Copy each of the entries below faithfully, setting aside any pictures.

*** Records for processing ***

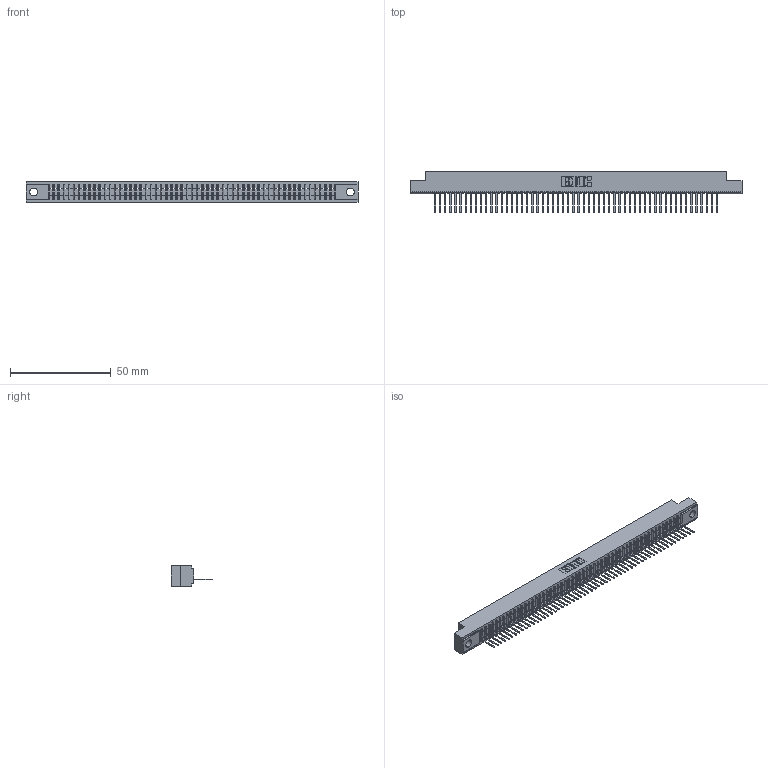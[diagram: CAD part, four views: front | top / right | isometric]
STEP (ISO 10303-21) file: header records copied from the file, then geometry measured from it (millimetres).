
FILE_DESCRIPTION (( 'STEP AP203' ), '1' );
FILE_NAME ('391-056-522-104.STEP', '2018-08-09T08:07:13', ( '' ), ( '' ), 'SwSTEP 2.0', 'SolidWorks 2016', '' );
FILE_SCHEMA (( 'CONFIG_CONTROL_DESIGN' ));
Length unit declared in the file: inch
Products named in the file (3): 341 Part_.156 (3.96) Dia Mounting Holes; 341-292-001_341-292-122; 391-056-522-104
Assembly tree (57 placements, depth 2):
  391-056-522-104
    341 Part_.156 (3.96) Dia Mounting Holes
    341-292-001_341-292-122  x56
Bounding box: 164.47 x 20.62 x 10.16 mm (x, y, z)
Volume: 11727.3 mm3; surface area: 18858.8 mm2
Topology: 57 solids, 57 shells, 4722 faces, 13624 edges, 8742 vertices
Faces by surface type: plane 2938, cylinder 1560, sphere 114, torus 110
Entity records: 64533 total; most frequent: CARTESIAN_POINT 10974, ORIENTED_EDGE 10960, DIRECTION 10574, EDGE_CURVE 5480, VECTOR 4450, LINE 4450, VERTEX_POINT 3462, AXIS2_PLACEMENT_3D 3062

*** End of Records for processing ***

Result for this task:
[diagram: CAD part, four views: front | top / right | isometric]
STEP (ISO 10303-21) file: header records copied from the file, then geometry measured from it (millimetres).
FILE_DESCRIPTION (( 'STEP AP203' ), '1' );
FILE_NAME ('391-056-522-104.STEP', '2018-08-09T08:07:13', ( '' ), ( '' ), 'SwSTEP 2.0', 'SolidWorks 2016', '' );
FILE_SCHEMA (( 'CONFIG_CONTROL_DESIGN' ));
Length unit declared in the file: inch
Products named in the file (3): 341 Part_.156 (3.96) Dia Mounting Holes; 341-292-001_341-292-122; 391-056-522-104
Assembly tree (57 placements, depth 2):
  391-056-522-104
    341 Part_.156 (3.96) Dia Mounting Holes
    341-292-001_341-292-122  x56
Bounding box: 164.47 x 20.62 x 10.16 mm (x, y, z)
Volume: 11727.3 mm3; surface area: 18858.8 mm2
Topology: 57 solids, 57 shells, 4722 faces, 13624 edges, 8742 vertices
Faces by surface type: plane 2938, cylinder 1560, sphere 114, torus 110
Entity records: 64533 total; most frequent: CARTESIAN_POINT 10974, ORIENTED_EDGE 10960, DIRECTION 10574, EDGE_CURVE 5480, VECTOR 4450, LINE 4450, VERTEX_POINT 3462, AXIS2_PLACEMENT_3D 3062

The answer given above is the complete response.